> _Assignment_
Leaving out all pictures, give again each line exactly, from the start of the listing through the line that contains "#25=DIRECTION('',(-1.,0.,0.));".
== Segment start ==
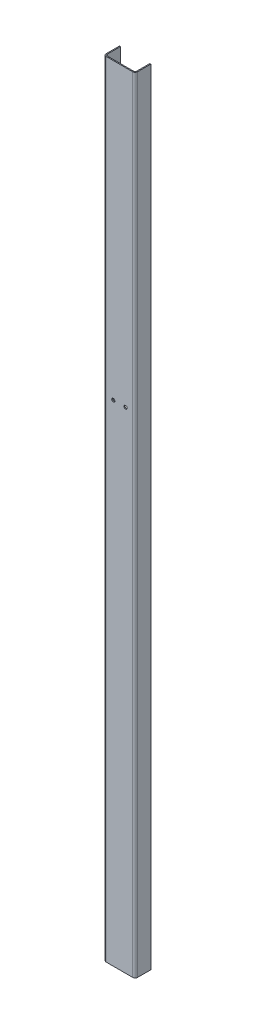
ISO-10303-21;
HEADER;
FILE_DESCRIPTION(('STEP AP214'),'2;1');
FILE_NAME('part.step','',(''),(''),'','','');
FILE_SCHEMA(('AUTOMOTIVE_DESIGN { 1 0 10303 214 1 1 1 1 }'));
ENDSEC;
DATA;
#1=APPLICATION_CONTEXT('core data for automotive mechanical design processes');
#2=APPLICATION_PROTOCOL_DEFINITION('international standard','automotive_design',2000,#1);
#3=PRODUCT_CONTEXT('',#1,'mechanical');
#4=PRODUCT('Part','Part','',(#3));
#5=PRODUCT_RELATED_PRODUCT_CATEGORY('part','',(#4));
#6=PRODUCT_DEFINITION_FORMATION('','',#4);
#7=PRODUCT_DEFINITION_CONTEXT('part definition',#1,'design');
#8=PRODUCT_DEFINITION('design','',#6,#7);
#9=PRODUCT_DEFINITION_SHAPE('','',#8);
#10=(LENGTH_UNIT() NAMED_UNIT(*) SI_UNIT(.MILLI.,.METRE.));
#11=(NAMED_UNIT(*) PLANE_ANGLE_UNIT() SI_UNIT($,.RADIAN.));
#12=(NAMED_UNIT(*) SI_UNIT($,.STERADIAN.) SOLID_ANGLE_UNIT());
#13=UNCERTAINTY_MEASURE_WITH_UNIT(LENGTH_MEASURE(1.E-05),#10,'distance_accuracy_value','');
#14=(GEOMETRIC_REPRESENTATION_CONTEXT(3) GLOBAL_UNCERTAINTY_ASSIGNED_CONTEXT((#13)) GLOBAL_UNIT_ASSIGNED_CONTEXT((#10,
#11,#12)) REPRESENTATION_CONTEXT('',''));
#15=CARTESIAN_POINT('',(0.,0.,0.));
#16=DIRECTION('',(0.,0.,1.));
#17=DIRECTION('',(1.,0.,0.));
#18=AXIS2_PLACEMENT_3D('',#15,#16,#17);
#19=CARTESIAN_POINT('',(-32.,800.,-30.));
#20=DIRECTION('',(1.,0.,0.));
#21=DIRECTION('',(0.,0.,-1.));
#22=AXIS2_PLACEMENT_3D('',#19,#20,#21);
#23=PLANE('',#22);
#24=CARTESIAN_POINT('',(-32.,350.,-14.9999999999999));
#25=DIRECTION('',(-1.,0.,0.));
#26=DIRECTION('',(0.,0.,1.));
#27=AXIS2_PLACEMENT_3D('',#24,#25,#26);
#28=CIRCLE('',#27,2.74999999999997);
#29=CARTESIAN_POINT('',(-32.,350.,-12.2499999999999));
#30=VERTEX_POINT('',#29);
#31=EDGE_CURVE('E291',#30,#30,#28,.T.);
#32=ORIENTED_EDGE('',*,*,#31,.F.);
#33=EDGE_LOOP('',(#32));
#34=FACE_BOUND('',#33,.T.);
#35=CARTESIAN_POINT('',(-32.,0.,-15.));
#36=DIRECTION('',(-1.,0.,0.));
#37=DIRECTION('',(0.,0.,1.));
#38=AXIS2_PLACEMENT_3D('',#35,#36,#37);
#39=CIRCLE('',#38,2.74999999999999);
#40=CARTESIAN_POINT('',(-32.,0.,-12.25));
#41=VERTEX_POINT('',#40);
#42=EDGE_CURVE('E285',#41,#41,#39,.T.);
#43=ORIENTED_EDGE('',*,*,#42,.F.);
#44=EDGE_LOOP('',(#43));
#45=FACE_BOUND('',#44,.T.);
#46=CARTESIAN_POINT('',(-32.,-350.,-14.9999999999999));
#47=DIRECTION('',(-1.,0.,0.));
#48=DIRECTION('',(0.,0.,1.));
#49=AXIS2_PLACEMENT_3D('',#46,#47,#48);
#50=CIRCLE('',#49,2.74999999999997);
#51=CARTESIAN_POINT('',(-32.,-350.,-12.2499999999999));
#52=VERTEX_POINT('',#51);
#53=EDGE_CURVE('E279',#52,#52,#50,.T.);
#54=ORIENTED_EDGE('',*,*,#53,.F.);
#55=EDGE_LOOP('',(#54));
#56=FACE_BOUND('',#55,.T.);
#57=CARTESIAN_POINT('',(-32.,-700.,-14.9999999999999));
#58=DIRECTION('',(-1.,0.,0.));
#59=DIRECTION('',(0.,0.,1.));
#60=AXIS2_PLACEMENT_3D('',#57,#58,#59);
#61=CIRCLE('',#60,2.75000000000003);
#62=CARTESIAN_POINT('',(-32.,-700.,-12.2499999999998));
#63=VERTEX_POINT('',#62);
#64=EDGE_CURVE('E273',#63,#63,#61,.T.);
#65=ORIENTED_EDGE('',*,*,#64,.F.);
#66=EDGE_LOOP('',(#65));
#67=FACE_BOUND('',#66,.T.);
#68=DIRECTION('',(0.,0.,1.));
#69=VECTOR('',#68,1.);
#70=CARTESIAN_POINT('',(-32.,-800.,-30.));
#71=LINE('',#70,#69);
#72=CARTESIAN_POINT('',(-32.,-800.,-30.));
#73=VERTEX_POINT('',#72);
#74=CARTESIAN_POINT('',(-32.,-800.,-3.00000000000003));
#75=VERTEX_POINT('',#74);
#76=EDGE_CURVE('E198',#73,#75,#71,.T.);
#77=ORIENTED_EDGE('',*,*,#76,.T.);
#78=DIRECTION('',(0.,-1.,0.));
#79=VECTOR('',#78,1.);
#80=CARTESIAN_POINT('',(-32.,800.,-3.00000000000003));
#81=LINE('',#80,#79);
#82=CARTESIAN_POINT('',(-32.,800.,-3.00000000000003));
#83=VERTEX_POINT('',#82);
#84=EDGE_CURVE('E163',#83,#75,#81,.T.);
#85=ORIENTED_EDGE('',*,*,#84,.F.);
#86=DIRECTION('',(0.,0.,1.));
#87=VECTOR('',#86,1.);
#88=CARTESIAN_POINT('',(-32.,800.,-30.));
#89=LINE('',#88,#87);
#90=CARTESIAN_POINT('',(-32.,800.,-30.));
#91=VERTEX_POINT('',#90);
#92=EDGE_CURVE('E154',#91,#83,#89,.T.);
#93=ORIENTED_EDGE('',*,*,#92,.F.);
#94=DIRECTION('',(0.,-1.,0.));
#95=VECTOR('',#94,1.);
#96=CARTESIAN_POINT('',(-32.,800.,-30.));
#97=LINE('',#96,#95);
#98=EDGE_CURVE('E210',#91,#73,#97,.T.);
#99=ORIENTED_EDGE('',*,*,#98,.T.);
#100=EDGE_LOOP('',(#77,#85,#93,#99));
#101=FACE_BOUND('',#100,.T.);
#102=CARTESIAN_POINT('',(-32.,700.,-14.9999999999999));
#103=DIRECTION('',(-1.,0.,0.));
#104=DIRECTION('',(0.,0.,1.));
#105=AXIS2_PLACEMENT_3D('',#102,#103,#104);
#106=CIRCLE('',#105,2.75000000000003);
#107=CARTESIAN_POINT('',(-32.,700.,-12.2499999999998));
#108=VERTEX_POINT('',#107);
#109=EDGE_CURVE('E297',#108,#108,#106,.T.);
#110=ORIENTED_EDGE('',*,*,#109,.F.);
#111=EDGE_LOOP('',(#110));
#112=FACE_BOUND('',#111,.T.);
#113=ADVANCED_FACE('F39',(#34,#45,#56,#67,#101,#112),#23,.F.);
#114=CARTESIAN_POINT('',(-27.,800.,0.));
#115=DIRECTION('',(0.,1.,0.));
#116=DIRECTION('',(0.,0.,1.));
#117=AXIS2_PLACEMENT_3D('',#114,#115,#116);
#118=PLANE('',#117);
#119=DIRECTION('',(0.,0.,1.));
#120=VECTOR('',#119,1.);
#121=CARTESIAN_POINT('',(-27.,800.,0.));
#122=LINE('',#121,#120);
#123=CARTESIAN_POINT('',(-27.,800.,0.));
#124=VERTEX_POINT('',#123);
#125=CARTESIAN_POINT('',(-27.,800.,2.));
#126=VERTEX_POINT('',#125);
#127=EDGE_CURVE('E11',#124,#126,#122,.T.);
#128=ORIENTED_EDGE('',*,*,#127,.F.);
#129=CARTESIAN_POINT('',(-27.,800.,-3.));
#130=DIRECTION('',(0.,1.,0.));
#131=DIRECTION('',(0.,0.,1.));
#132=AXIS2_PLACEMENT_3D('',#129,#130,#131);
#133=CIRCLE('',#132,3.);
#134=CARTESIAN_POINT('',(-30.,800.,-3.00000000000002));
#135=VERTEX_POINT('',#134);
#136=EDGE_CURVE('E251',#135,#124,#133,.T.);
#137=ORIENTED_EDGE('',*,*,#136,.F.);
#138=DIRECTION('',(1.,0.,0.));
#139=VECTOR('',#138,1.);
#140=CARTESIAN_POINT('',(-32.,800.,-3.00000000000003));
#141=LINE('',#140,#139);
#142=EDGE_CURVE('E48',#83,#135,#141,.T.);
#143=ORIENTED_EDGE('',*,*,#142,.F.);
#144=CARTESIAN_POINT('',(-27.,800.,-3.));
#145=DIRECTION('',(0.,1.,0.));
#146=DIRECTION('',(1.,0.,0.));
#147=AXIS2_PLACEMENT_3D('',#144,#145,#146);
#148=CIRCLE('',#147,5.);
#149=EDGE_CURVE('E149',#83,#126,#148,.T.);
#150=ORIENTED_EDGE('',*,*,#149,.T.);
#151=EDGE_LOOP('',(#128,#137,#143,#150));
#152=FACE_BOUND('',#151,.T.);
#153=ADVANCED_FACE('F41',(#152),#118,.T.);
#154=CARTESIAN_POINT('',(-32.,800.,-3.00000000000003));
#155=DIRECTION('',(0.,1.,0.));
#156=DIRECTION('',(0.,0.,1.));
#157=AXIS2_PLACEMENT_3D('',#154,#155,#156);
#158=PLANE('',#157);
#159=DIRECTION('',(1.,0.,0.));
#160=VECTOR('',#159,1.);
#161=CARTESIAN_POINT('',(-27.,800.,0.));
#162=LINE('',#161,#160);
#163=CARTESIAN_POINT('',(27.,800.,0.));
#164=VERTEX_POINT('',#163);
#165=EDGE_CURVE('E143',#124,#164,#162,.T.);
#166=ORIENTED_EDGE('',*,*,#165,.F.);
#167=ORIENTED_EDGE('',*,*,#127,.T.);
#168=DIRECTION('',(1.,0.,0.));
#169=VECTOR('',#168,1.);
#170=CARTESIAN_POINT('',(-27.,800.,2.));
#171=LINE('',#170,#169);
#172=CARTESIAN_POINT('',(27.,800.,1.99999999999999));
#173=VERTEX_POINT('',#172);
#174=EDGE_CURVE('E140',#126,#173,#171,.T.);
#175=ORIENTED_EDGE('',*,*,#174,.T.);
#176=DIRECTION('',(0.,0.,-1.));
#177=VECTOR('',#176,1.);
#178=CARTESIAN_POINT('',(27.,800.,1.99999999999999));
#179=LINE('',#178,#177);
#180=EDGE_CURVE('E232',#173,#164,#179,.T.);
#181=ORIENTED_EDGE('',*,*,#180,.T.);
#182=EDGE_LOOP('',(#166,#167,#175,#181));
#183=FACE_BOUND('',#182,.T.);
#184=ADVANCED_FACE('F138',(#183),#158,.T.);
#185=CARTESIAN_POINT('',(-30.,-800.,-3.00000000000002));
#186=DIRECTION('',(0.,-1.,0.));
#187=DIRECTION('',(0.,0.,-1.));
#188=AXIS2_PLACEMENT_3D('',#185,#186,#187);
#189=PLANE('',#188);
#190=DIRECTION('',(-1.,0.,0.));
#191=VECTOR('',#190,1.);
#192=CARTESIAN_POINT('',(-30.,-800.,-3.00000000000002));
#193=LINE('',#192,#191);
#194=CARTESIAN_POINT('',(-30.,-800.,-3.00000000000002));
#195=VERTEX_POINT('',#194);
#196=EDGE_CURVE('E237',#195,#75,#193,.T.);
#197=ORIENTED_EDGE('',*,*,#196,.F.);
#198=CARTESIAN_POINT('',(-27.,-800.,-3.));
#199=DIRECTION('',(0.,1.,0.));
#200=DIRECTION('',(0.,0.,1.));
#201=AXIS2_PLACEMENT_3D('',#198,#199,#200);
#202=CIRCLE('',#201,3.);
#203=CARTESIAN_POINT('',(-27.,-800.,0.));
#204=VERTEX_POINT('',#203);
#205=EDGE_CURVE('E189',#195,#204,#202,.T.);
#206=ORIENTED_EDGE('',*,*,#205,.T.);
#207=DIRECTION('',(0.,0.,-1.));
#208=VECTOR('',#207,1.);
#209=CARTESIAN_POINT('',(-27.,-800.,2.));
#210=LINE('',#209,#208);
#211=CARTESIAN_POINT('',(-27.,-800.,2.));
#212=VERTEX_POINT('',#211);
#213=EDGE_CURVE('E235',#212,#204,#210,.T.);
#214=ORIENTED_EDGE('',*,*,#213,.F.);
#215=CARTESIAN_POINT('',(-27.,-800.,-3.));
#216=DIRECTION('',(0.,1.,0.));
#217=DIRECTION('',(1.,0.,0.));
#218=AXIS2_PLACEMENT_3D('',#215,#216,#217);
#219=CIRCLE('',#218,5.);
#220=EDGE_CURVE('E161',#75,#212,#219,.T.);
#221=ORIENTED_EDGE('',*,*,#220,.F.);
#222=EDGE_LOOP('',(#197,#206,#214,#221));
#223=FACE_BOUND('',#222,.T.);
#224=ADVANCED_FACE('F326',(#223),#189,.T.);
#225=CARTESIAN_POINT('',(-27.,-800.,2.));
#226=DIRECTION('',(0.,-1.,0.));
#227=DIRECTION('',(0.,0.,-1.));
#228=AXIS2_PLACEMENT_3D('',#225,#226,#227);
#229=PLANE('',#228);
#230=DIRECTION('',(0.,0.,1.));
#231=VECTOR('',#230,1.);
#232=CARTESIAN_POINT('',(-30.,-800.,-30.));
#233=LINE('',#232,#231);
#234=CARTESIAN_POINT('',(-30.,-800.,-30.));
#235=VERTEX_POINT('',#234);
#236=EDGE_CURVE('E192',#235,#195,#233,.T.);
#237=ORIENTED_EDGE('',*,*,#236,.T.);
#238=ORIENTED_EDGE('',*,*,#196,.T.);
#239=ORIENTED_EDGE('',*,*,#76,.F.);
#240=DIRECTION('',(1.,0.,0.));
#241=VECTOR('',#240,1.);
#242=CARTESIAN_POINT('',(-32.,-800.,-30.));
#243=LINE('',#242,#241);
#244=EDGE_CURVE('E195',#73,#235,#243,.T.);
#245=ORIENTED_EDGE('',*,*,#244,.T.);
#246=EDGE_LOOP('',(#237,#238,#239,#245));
== Segment end ==
> _Output below_
ISO-10303-21;
HEADER;
FILE_DESCRIPTION(('STEP AP214'),'2;1');
FILE_NAME('part.step','',(''),(''),'','','');
FILE_SCHEMA(('AUTOMOTIVE_DESIGN { 1 0 10303 214 1 1 1 1 }'));
ENDSEC;
DATA;
#1=APPLICATION_CONTEXT('core data for automotive mechanical design processes');
#2=APPLICATION_PROTOCOL_DEFINITION('international standard','automotive_design',2000,#1);
#3=PRODUCT_CONTEXT('',#1,'mechanical');
#4=PRODUCT('Part','Part','',(#3));
#5=PRODUCT_RELATED_PRODUCT_CATEGORY('part','',(#4));
#6=PRODUCT_DEFINITION_FORMATION('','',#4);
#7=PRODUCT_DEFINITION_CONTEXT('part definition',#1,'design');
#8=PRODUCT_DEFINITION('design','',#6,#7);
#9=PRODUCT_DEFINITION_SHAPE('','',#8);
#10=(LENGTH_UNIT() NAMED_UNIT(*) SI_UNIT(.MILLI.,.METRE.));
#11=(NAMED_UNIT(*) PLANE_ANGLE_UNIT() SI_UNIT($,.RADIAN.));
#12=(NAMED_UNIT(*) SI_UNIT($,.STERADIAN.) SOLID_ANGLE_UNIT());
#13=UNCERTAINTY_MEASURE_WITH_UNIT(LENGTH_MEASURE(1.E-05),#10,'distance_accuracy_value','');
#14=(GEOMETRIC_REPRESENTATION_CONTEXT(3) GLOBAL_UNCERTAINTY_ASSIGNED_CONTEXT((#13)) GLOBAL_UNIT_ASSIGNED_CONTEXT((#10,
#11,#12)) REPRESENTATION_CONTEXT('',''));
#15=CARTESIAN_POINT('',(0.,0.,0.));
#16=DIRECTION('',(0.,0.,1.));
#17=DIRECTION('',(1.,0.,0.));
#18=AXIS2_PLACEMENT_3D('',#15,#16,#17);
#19=CARTESIAN_POINT('',(-32.,800.,-30.));
#20=DIRECTION('',(1.,0.,0.));
#21=DIRECTION('',(0.,0.,-1.));
#22=AXIS2_PLACEMENT_3D('',#19,#20,#21);
#23=PLANE('',#22);
#24=CARTESIAN_POINT('',(-32.,350.,-14.9999999999999));
#25=DIRECTION('',(-1.,0.,0.));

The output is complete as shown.